Please return all lines of the data below containing the string "units".

Data records:
+++
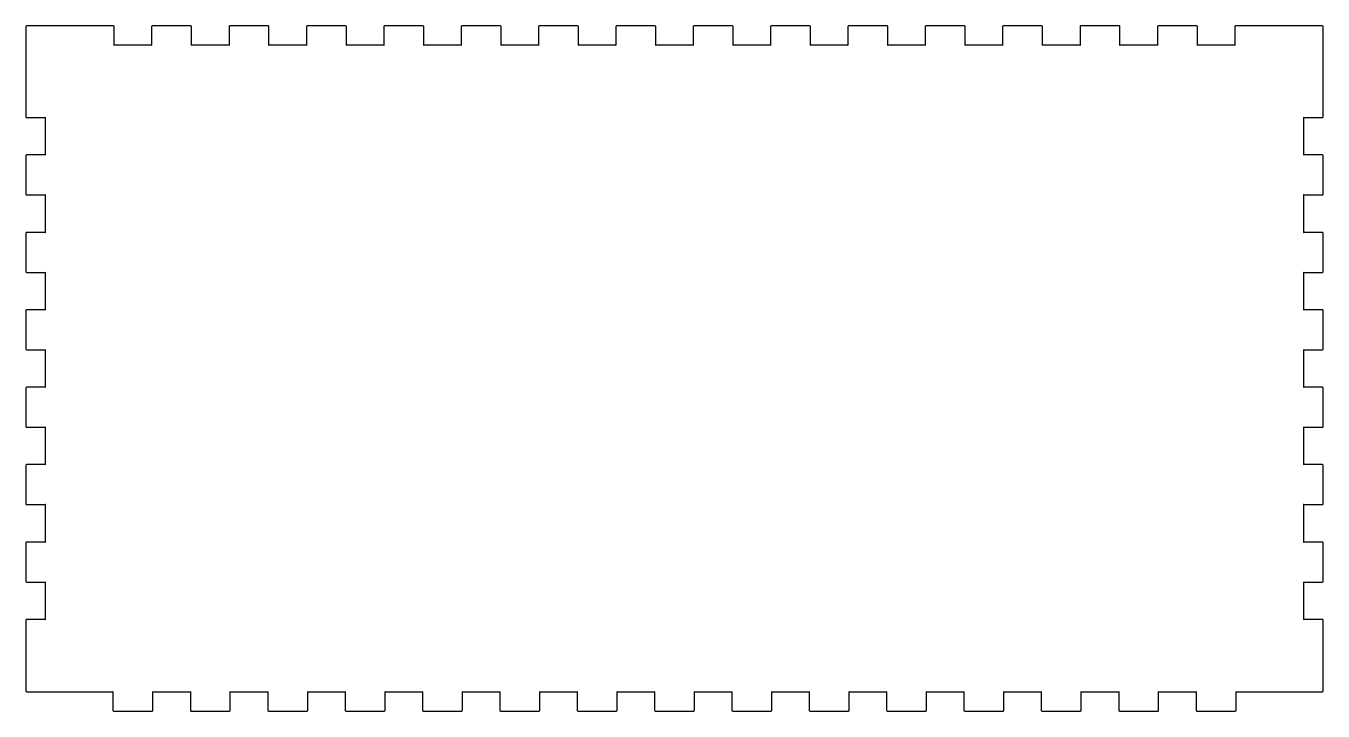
# Model space of a CAD drawing. Header units: millimetres. Extents: x 10 to 420, y 22 to 379.
# Drawn here: x 10 to 211.2, y 21.7 to 127.9 of the extents above; entities that cross this region are included whole.
import ezdxf

# ---------------------------------------------------------------- set-up
doc = ezdxf.new("R2010")
doc.units = ezdxf.units.MM
doc.layers.get('0').update_dxf_attribs({"linetype": 'CONTINUOUS'})

msp = doc.modelspace()

# ---------------------------------------------------------------- linework, layer by layer
at = {"color": 1}
for points in [[(10, 127.8), (10, 124.8), (10, 113.8)], [(23.6, 127.9), (13.1, 127.9), (10.1, 127.9)], [(29.5, 127.8), (29.5, 124.9), (23.7, 124.9), (23.7, 127.8)], [(35.6, 127.9), (29.6, 127.9)], [(41.5, 127.8), (41.5, 124.9), (35.7, 124.9), (35.7, 127.8)], [(47.6, 127.9), (41.6, 127.9)], [(53.5, 127.8), (53.5, 124.9), (47.7, 124.9), (47.7, 127.8)], [(59.6, 127.9), (53.6, 127.9)], [(65.5, 127.8), (65.5, 124.9), (59.7, 124.9), (59.7, 127.8)], [(71.6, 127.9), (65.6, 127.9)], [(77.5, 127.8), (77.5, 124.9), (71.7, 124.9), (71.7, 127.8)], [(83.6, 127.9), (77.6, 127.9)], [(89.5, 127.8), (89.5, 124.9), (83.7, 124.9), (83.7, 127.8)], [(95.6, 127.9), (89.6, 127.9)], [(101.5, 127.8), (101.5, 124.9), (95.7, 124.9), (95.7, 127.8)], [(107.6, 127.9), (101.6, 127.9)], [(113.5, 127.8), (113.5, 124.9), (107.7, 124.9), (107.7, 127.8)], [(119.6, 127.9), (113.6, 127.9)], [(125.5, 127.8), (125.5, 124.9), (119.7, 124.9), (119.7, 127.8)], [(131.6, 127.9), (125.6, 127.9)], [(137.5, 127.8), (137.5, 124.9), (131.7, 124.9), (131.7, 127.8)], [(143.6, 127.9), (137.6, 127.9)], [(149.5, 127.8), (149.5, 124.9), (143.7, 124.9), (143.7, 127.8)], [(155.6, 127.9), (149.6, 127.9)], [(161.5, 127.8), (161.5, 124.9), (155.7, 124.9), (155.7, 127.8)], [(167.6, 127.9), (161.6, 127.9)], [(173.5, 127.8), (173.5, 124.9), (167.7, 124.9), (167.7, 127.8)], [(179.6, 127.9), (173.6, 127.9)], [(185.5, 127.8), (185.5, 124.9), (179.7, 124.9), (179.7, 127.8)], [(191.6, 127.9), (185.6, 127.9)], [(197.5, 127.8), (197.5, 124.9), (191.7, 124.9), (191.7, 127.8)], [(211.1, 127.9), (208.1, 127.9), (197.6, 127.9)], [(211.2, 113.8), (211.2, 124.8), (211.2, 127.8)], [(10.1, 113.7), (13, 113.7), (13, 107.9), (10.1, 107.9)], [(211.1, 107.9), (208.2, 107.9), (208.2, 113.7), (211.1, 113.7)], [(10, 107.8), (10, 101.8)], [(211.2, 101.8), (211.2, 107.8)], [(10.1, 101.7), (13, 101.7), (13, 95.9), (10.1, 95.9)], [(211.1, 95.9), (208.2, 95.9), (208.2, 101.7), (211.1, 101.7)], [(10, 95.8), (10, 89.8)], [(211.2, 89.8), (211.2, 95.8)], [(10.1, 89.7), (13, 89.7), (13, 83.9), (10.1, 83.9)], [(211.1, 83.9), (208.2, 83.9), (208.2, 89.7), (211.1, 89.7)], [(10, 83.8), (10, 77.8)], [(211.2, 77.8), (211.2, 83.8)], [(10.1, 77.7), (13, 77.7), (13, 71.9), (10.1, 71.9)], [(211.1, 71.9), (208.2, 71.9), (208.2, 77.7), (211.1, 77.7)], [(10, 71.8), (10, 65.8)], [(211.2, 65.8), (211.2, 71.8)], [(10.1, 65.7), (13, 65.7), (13, 59.9), (10.1, 59.9)], [(211.1, 59.9), (208.2, 59.9), (208.2, 65.7), (211.1, 65.7)], [(10, 59.8), (10, 53.8)], [(211.2, 53.8), (211.2, 59.8)], [(10.1, 53.7), (13, 53.7), (13, 47.9), (10.1, 47.9)], [(211.1, 47.9), (208.2, 47.9), (208.2, 53.7), (211.1, 53.7)], [(10, 47.8), (10, 41.8)], [(211.2, 41.8), (211.2, 47.8)], [(10.1, 41.7), (13, 41.7), (13, 35.9), (10.1, 35.9)], [(211.1, 35.9), (208.2, 35.9), (208.2, 41.7), (211.1, 41.7)], [(10, 35.8), (10, 24.8)], [(211.2, 24.8), (211.2, 35.8)], [(10.1, 24.7), (13.1, 24.7), (13.1, 24.7)], [(13.1, 24.7), (23.5, 24.7), (23.5, 21.8)], [(29.7, 21.8), (29.7, 24.7), (35.5, 24.7), (35.5, 21.8)], [(41.7, 21.8), (41.7, 24.7), (47.5, 24.7), (47.5, 21.8)], [(53.7, 21.8), (53.7, 24.7), (59.5, 24.7), (59.5, 21.8)], [(65.7, 21.8), (65.7, 24.7), (71.5, 24.7), (71.5, 21.8)], [(77.7, 21.8), (77.7, 24.7), (83.5, 24.7), (83.5, 21.8)], [(89.7, 21.8), (89.7, 24.7), (95.5, 24.7), (95.5, 21.8)], [(101.7, 21.8), (101.7, 24.7), (107.5, 24.7), (107.5, 21.8)], [(113.7, 21.8), (113.7, 24.7), (119.5, 24.7), (119.5, 21.8)], [(125.7, 21.8), (125.7, 24.7), (131.5, 24.7), (131.5, 21.8)], [(137.7, 21.8), (137.7, 24.7), (143.5, 24.7), (143.5, 21.8)], [(149.7, 21.8), (149.7, 24.7), (155.5, 24.7), (155.5, 21.8)], [(161.7, 21.8), (161.7, 24.7), (167.5, 24.7), (167.5, 21.8)], [(173.7, 21.8), (173.7, 24.7), (179.5, 24.7), (179.5, 21.8)], [(185.7, 21.8), (185.7, 24.7), (191.5, 24.7), (191.5, 21.8)], [(197.7, 21.8), (197.7, 24.7), (208.1, 24.7), (211.1, 24.7)], [(23.6, 21.7), (29.6, 21.7)], [(35.6, 21.7), (41.6, 21.7)], [(47.6, 21.7), (53.6, 21.7)], [(59.6, 21.7), (65.6, 21.7)], [(71.6, 21.7), (77.6, 21.7)], [(83.6, 21.7), (89.6, 21.7)], [(95.6, 21.7), (101.6, 21.7)], [(107.6, 21.7), (113.6, 21.7)], [(119.6, 21.7), (125.6, 21.7)], [(131.6, 21.7), (137.6, 21.7)], [(143.6, 21.7), (149.6, 21.7)], [(155.6, 21.7), (161.6, 21.7)], [(167.6, 21.7), (173.6, 21.7)], [(179.6, 21.7), (185.6, 21.7)], [(191.6, 21.7), (197.6, 21.7)]]:
    msp.add_lwpolyline(points, dxfattribs=at)
for points in [[(10.1, 127.9), (10.045, 127.9), (10, 127.855), (10, 127.8)], [(23.7, 127.8), (23.7, 127.855), (23.655, 127.9), (23.6, 127.9)], [(29.6, 127.9), (29.545, 127.9), (29.5, 127.855), (29.5, 127.8)], [(35.7, 127.8), (35.7, 127.855), (35.655, 127.9), (35.6, 127.9)], [(41.6, 127.9), (41.545, 127.9), (41.5, 127.855), (41.5, 127.8)], [(47.7, 127.8), (47.7, 127.855), (47.655, 127.9), (47.6, 127.9)], [(53.6, 127.9), (53.545, 127.9), (53.5, 127.855), (53.5, 127.8)], [(59.7, 127.8), (59.7, 127.855), (59.655, 127.9), (59.6, 127.9)], [(65.6, 127.9), (65.545, 127.9), (65.5, 127.855), (65.5, 127.8)], [(71.7, 127.8), (71.7, 127.855), (71.655, 127.9), (71.6, 127.9)], [(77.6, 127.9), (77.545, 127.9), (77.5, 127.855), (77.5, 127.8)], [(83.7, 127.8), (83.7, 127.855), (83.655, 127.9), (83.6, 127.9)], [(89.6, 127.9), (89.545, 127.9), (89.5, 127.855), (89.5, 127.8)], [(95.7, 127.8), (95.7, 127.855), (95.655, 127.9), (95.6, 127.9)], [(101.6, 127.9), (101.545, 127.9), (101.5, 127.855), (101.5, 127.8)], [(107.7, 127.8), (107.7, 127.855), (107.655, 127.9), (107.6, 127.9)], [(113.6, 127.9), (113.545, 127.9), (113.5, 127.855), (113.5, 127.8)], [(119.7, 127.8), (119.7, 127.855), (119.655, 127.9), (119.6, 127.9)], [(125.6, 127.9), (125.545, 127.9), (125.5, 127.855), (125.5, 127.8)], [(131.7, 127.8), (131.7, 127.855), (131.655, 127.9), (131.6, 127.9)], [(137.6, 127.9), (137.545, 127.9), (137.5, 127.855), (137.5, 127.8)], [(143.7, 127.8), (143.7, 127.855), (143.655, 127.9), (143.6, 127.9)], [(149.6, 127.9), (149.545, 127.9), (149.5, 127.855), (149.5, 127.8)], [(155.7, 127.8), (155.7, 127.855), (155.655, 127.9), (155.6, 127.9)], [(161.6, 127.9), (161.545, 127.9), (161.5, 127.855), (161.5, 127.8)], [(167.7, 127.8), (167.7, 127.855), (167.655, 127.9), (167.6, 127.9)], [(173.6, 127.9), (173.545, 127.9), (173.5, 127.855), (173.5, 127.8)], [(179.7, 127.8), (179.7, 127.855), (179.655, 127.9), (179.6, 127.9)], [(185.6, 127.9), (185.545, 127.9), (185.5, 127.855), (185.5, 127.8)], [(191.7, 127.8), (191.7, 127.855), (191.655, 127.9), (191.6, 127.9)], [(197.6, 127.9), (197.545, 127.9), (197.5, 127.855), (197.5, 127.8)], [(211.2, 127.8), (211.2, 127.855), (211.155, 127.9), (211.1, 127.9)], [(23.7, 124.9), (23.6, 124.9), (23.7, 124.8), (23.7, 124.9)], [(29.5, 124.9), (29.5, 124.8), (29.6, 124.9), (29.5, 124.9)], [(35.7, 124.9), (35.6, 124.9), (35.7, 124.8), (35.7, 124.9)], [(41.5, 124.9), (41.5, 124.8), (41.6, 124.9), (41.5, 124.9)], [(47.7, 124.9), (47.6, 124.9), (47.7, 124.8), (47.7, 124.9)], [(53.5, 124.9), (53.5, 124.8), (53.6, 124.9), (53.5, 124.9)], [(59.7, 124.9), (59.6, 124.9), (59.7, 124.8), (59.7, 124.9)], [(65.5, 124.9), (65.5, 124.8), (65.6, 124.9), (65.5, 124.9)], [(71.7, 124.9), (71.6, 124.9), (71.7, 124.8), (71.7, 124.9)], [(77.5, 124.9), (77.5, 124.8), (77.6, 124.9), (77.5, 124.9)], [(83.7, 124.9), (83.6, 124.9), (83.7, 124.8), (83.7, 124.9)], [(89.5, 124.9), (89.5, 124.8), (89.6, 124.9), (89.5, 124.9)], [(95.7, 124.9), (95.6, 124.9), (95.7, 124.8), (95.7, 124.9)], [(101.5, 124.9), (101.5, 124.8), (101.6, 124.9), (101.5, 124.9)], [(107.7, 124.9), (107.6, 124.9), (107.7, 124.8), (107.7, 124.9)], [(113.5, 124.9), (113.5, 124.8), (113.6, 124.9), (113.5, 124.9)], [(119.7, 124.9), (119.6, 124.9), (119.7, 124.8), (119.7, 124.9)], [(125.5, 124.9), (125.5, 124.8), (125.6, 124.9), (125.5, 124.9)], [(131.7, 124.9), (131.6, 124.9), (131.7, 124.8), (131.7, 124.9)], [(137.5, 124.9), (137.5, 124.8), (137.6, 124.9), (137.5, 124.9)], [(143.7, 124.9), (143.6, 124.9), (143.7, 124.8), (143.7, 124.9)], [(149.5, 124.9), (149.5, 124.8), (149.6, 124.9), (149.5, 124.9)], [(155.7, 124.9), (155.6, 124.9), (155.7, 124.8), (155.7, 124.9)], [(161.5, 124.9), (161.5, 124.8), (161.6, 124.9), (161.5, 124.9)], [(167.7, 124.9), (167.6, 124.9), (167.7, 124.8), (167.7, 124.9)], [(173.5, 124.9), (173.5, 124.8), (173.6, 124.9), (173.5, 124.9)], [(179.7, 124.9), (179.6, 124.9), (179.7, 124.8), (179.7, 124.9)], [(185.5, 124.9), (185.5, 124.8), (185.6, 124.9), (185.5, 124.9)], [(191.7, 124.9), (191.6, 124.9), (191.7, 124.8), (191.7, 124.9)], [(197.5, 124.9), (197.5, 124.8), (197.6, 124.9), (197.5, 124.9)], [(10, 113.8), (10, 113.745), (10.045, 113.7), (10.1, 113.7)], [(13, 113.7), (13.1, 113.7), (13, 113.8), (13, 113.7)], [(208.2, 113.7), (208.2, 113.8), (208.1, 113.7), (208.2, 113.7)], [(211.1, 113.7), (211.155, 113.7), (211.2, 113.745), (211.2, 113.8)], [(10.1, 107.9), (10.045, 107.9), (10, 107.855), (10, 107.8)], [(13, 107.9), (13, 107.8), (13.1, 107.9), (13, 107.9)], [(208.2, 107.9), (208.1, 107.9), (208.2, 107.8), (208.2, 107.9)], [(211.2, 107.8), (211.2, 107.855), (211.155, 107.9), (211.1, 107.9)], [(10, 101.8), (10, 101.745), (10.045, 101.7), (10.1, 101.7)], [(13, 101.7), (13.1, 101.7), (13, 101.8), (13, 101.7)], [(208.2, 101.7), (208.2, 101.8), (208.1, 101.7), (208.2, 101.7)], [(211.1, 101.7), (211.155, 101.7), (211.2, 101.745), (211.2, 101.8)], [(10.1, 95.9), (10.045, 95.9), (10, 95.855), (10, 95.8)], [(13, 95.9), (13, 95.8), (13.1, 95.9), (13, 95.9)], [(208.2, 95.9), (208.1, 95.9), (208.2, 95.8), (208.2, 95.9)], [(211.2, 95.8), (211.2, 95.855), (211.155, 95.9), (211.1, 95.9)], [(10, 89.8), (10, 89.745), (10.045, 89.7), (10.1, 89.7)], [(13, 89.7), (13.1, 89.7), (13, 89.8), (13, 89.7)], [(208.2, 89.7), (208.2, 89.8), (208.1, 89.7), (208.2, 89.7)], [(211.1, 89.7), (211.155, 89.7), (211.2, 89.745), (211.2, 89.8)], [(10.1, 83.9), (10.045, 83.9), (10, 83.855), (10, 83.8)], [(13, 83.9), (13, 83.8), (13.1, 83.9), (13, 83.9)], [(208.2, 83.9), (208.1, 83.9), (208.2, 83.8), (208.2, 83.9)], [(211.2, 83.8), (211.2, 83.855), (211.155, 83.9), (211.1, 83.9)], [(10, 77.8), (10, 77.745), (10.045, 77.7), (10.1, 77.7)], [(13, 77.7), (13.1, 77.7), (13, 77.8), (13, 77.7)], [(208.2, 77.7), (208.2, 77.8), (208.1, 77.7), (208.2, 77.7)], [(211.1, 77.7), (211.155, 77.7), (211.2, 77.745), (211.2, 77.8)], [(10.1, 71.9), (10.045, 71.9), (10, 71.855), (10, 71.8)], [(13, 71.9), (13, 71.8), (13.1, 71.9), (13, 71.9)], [(208.2, 71.9), (208.1, 71.9), (208.2, 71.8), (208.2, 71.9)], [(211.2, 71.8), (211.2, 71.855), (211.155, 71.9), (211.1, 71.9)], [(10, 65.8), (10, 65.745), (10.045, 65.7), (10.1, 65.7)], [(13, 65.7), (13.1, 65.7), (13, 65.8), (13, 65.7)], [(208.2, 65.7), (208.2, 65.8), (208.1, 65.7), (208.2, 65.7)], [(211.1, 65.7), (211.155, 65.7), (211.2, 65.745), (211.2, 65.8)], [(10.1, 59.9), (10.045, 59.9), (10, 59.855), (10, 59.8)], [(13, 59.9), (13, 59.8), (13.1, 59.9), (13, 59.9)], [(208.2, 59.9), (208.1, 59.9), (208.2, 59.8), (208.2, 59.9)], [(211.2, 59.8), (211.2, 59.855), (211.155, 59.9), (211.1, 59.9)], [(10, 53.8), (10, 53.745), (10.045, 53.7), (10.1, 53.7)], [(13, 53.7), (13.1, 53.7), (13, 53.8), (13, 53.7)], [(208.2, 53.7), (208.2, 53.8), (208.1, 53.7), (208.2, 53.7)], [(211.1, 53.7), (211.155, 53.7), (211.2, 53.745), (211.2, 53.8)], [(10.1, 47.9), (10.045, 47.9), (10, 47.855), (10, 47.8)], [(13, 47.9), (13, 47.8), (13.1, 47.9), (13, 47.9)], [(208.2, 47.9), (208.1, 47.9), (208.2, 47.8), (208.2, 47.9)], [(211.2, 47.8), (211.2, 47.855), (211.155, 47.9), (211.1, 47.9)], [(10, 41.8), (10, 41.745), (10.045, 41.7), (10.1, 41.7)], [(13, 41.7), (13.1, 41.7), (13, 41.8), (13, 41.7)], [(208.2, 41.7), (208.2, 41.8), (208.1, 41.7), (208.2, 41.7)], [(211.1, 41.7), (211.155, 41.7), (211.2, 41.745), (211.2, 41.8)], [(10.1, 35.9), (10.045, 35.9), (10, 35.855), (10, 35.8)], [(13, 35.9), (13, 35.8), (13.1, 35.9), (13, 35.9)], [(208.2, 35.9), (208.1, 35.9), (208.2, 35.8), (208.2, 35.9)], [(211.2, 35.8), (211.2, 35.855), (211.155, 35.9), (211.1, 35.9)], [(10, 24.8), (10, 24.745), (10.045, 24.7), (10.1, 24.7)], [(23.5, 24.7), (23.6, 24.7), (23.5, 24.8), (23.5, 24.7)], [(29.7, 24.7), (29.7, 24.8), (29.6, 24.7), (29.7, 24.7)], [(35.5, 24.7), (35.6, 24.7), (35.5, 24.8), (35.5, 24.7)], [(41.7, 24.7), (41.7, 24.8), (41.6, 24.7), (41.7, 24.7)], [(47.5, 24.7), (47.6, 24.7), (47.5, 24.8), (47.5, 24.7)], [(53.7, 24.7), (53.7, 24.8), (53.6, 24.7), (53.7, 24.7)], [(59.5, 24.7), (59.6, 24.7), (59.5, 24.8), (59.5, 24.7)], [(65.7, 24.7), (65.7, 24.8), (65.6, 24.7), (65.7, 24.7)], [(71.5, 24.7), (71.6, 24.7), (71.5, 24.8), (71.5, 24.7)], [(77.7, 24.7), (77.7, 24.8), (77.6, 24.7), (77.7, 24.7)], [(83.5, 24.7), (83.6, 24.7), (83.5, 24.8), (83.5, 24.7)], [(89.7, 24.7), (89.7, 24.8), (89.6, 24.7), (89.7, 24.7)], [(95.5, 24.7), (95.6, 24.7), (95.5, 24.8), (95.5, 24.7)], [(101.7, 24.7), (101.7, 24.8), (101.6, 24.7), (101.7, 24.7)], [(107.5, 24.7), (107.6, 24.7), (107.5, 24.8), (107.5, 24.7)], [(113.7, 24.7), (113.7, 24.8), (113.6, 24.7), (113.7, 24.7)], [(119.5, 24.7), (119.6, 24.7), (119.5, 24.8), (119.5, 24.7)], [(125.7, 24.7), (125.7, 24.8), (125.6, 24.7), (125.7, 24.7)], [(131.5, 24.7), (131.6, 24.7), (131.5, 24.8), (131.5, 24.7)], [(137.7, 24.7), (137.7, 24.8), (137.6, 24.7), (137.7, 24.7)], [(143.5, 24.7), (143.6, 24.7), (143.5, 24.8), (143.5, 24.7)], [(149.7, 24.7), (149.7, 24.8), (149.6, 24.7), (149.7, 24.7)], [(155.5, 24.7), (155.6, 24.7), (155.5, 24.8), (155.5, 24.7)], [(161.7, 24.7), (161.7, 24.8), (161.6, 24.7), (161.7, 24.7)], [(167.5, 24.7), (167.6, 24.7), (167.5, 24.8), (167.5, 24.7)], [(173.7, 24.7), (173.7, 24.8), (173.6, 24.7), (173.7, 24.7)], [(179.5, 24.7), (179.6, 24.7), (179.5, 24.8), (179.5, 24.7)], [(185.7, 24.7), (185.7, 24.8), (185.6, 24.7), (185.7, 24.7)], [(191.5, 24.7), (191.6, 24.7), (191.5, 24.8), (191.5, 24.7)], [(197.7, 24.7), (197.7, 24.8), (197.6, 24.7), (197.7, 24.7)], [(211.1, 24.7), (211.155, 24.7), (211.2, 24.745), (211.2, 24.8)], [(23.5, 21.8), (23.5, 21.745), (23.545, 21.7), (23.6, 21.7)], [(29.6, 21.7), (29.655, 21.7), (29.7, 21.745), (29.7, 21.8)], [(35.5, 21.8), (35.5, 21.745), (35.545, 21.7), (35.6, 21.7)], [(41.6, 21.7), (41.655, 21.7), (41.7, 21.745), (41.7, 21.8)], [(47.5, 21.8), (47.5, 21.745), (47.545, 21.7), (47.6, 21.7)], [(53.6, 21.7), (53.655, 21.7), (53.7, 21.745), (53.7, 21.8)], [(59.5, 21.8), (59.5, 21.745), (59.545, 21.7), (59.6, 21.7)], [(65.6, 21.7), (65.655, 21.7), (65.7, 21.745), (65.7, 21.8)], [(71.5, 21.8), (71.5, 21.745), (71.545, 21.7), (71.6, 21.7)], [(77.6, 21.7), (77.655, 21.7), (77.7, 21.745), (77.7, 21.8)], [(83.5, 21.8), (83.5, 21.745), (83.545, 21.7), (83.6, 21.7)], [(89.6, 21.7), (89.655, 21.7), (89.7, 21.745), (89.7, 21.8)], [(95.5, 21.8), (95.5, 21.745), (95.545, 21.7), (95.6, 21.7)], [(101.6, 21.7), (101.655, 21.7), (101.7, 21.745), (101.7, 21.8)], [(107.5, 21.8), (107.5, 21.745), (107.545, 21.7), (107.6, 21.7)], [(113.6, 21.7), (113.655, 21.7), (113.7, 21.745), (113.7, 21.8)], [(119.5, 21.8), (119.5, 21.745), (119.545, 21.7), (119.6, 21.7)], [(125.6, 21.7), (125.655, 21.7), (125.7, 21.745), (125.7, 21.8)], [(131.5, 21.8), (131.5, 21.745), (131.545, 21.7), (131.6, 21.7)], [(137.6, 21.7), (137.655, 21.7), (137.7, 21.745), (137.7, 21.8)], [(143.5, 21.8), (143.5, 21.745), (143.545, 21.7), (143.6, 21.7)], [(149.6, 21.7), (149.655, 21.7), (149.7, 21.745), (149.7, 21.8)], [(155.5, 21.8), (155.5, 21.745), (155.545, 21.7), (155.6, 21.7)], [(161.6, 21.7), (161.655, 21.7), (161.7, 21.745), (161.7, 21.8)], [(167.5, 21.8), (167.5, 21.745), (167.545, 21.7), (167.6, 21.7)], [(173.6, 21.7), (173.655, 21.7), (173.7, 21.745), (173.7, 21.8)], [(179.5, 21.8), (179.5, 21.745), (179.545, 21.7), (179.6, 21.7)], [(185.6, 21.7), (185.655, 21.7), (185.7, 21.745), (185.7, 21.8)], [(191.5, 21.8), (191.5, 21.745), (191.545, 21.7), (191.6, 21.7)], [(197.6, 21.7), (197.655, 21.7), (197.7, 21.745), (197.7, 21.8)]]:
    msp.add_open_spline(points, degree=3, dxfattribs=at)

doc.saveas('drawing.dxf')
+++
- **Completed task**:
# Model space of a CAD drawing. Header units: millimetres. Extents: x 10 to 420, y 22 to 379.
doc.units = ezdxf.units.MM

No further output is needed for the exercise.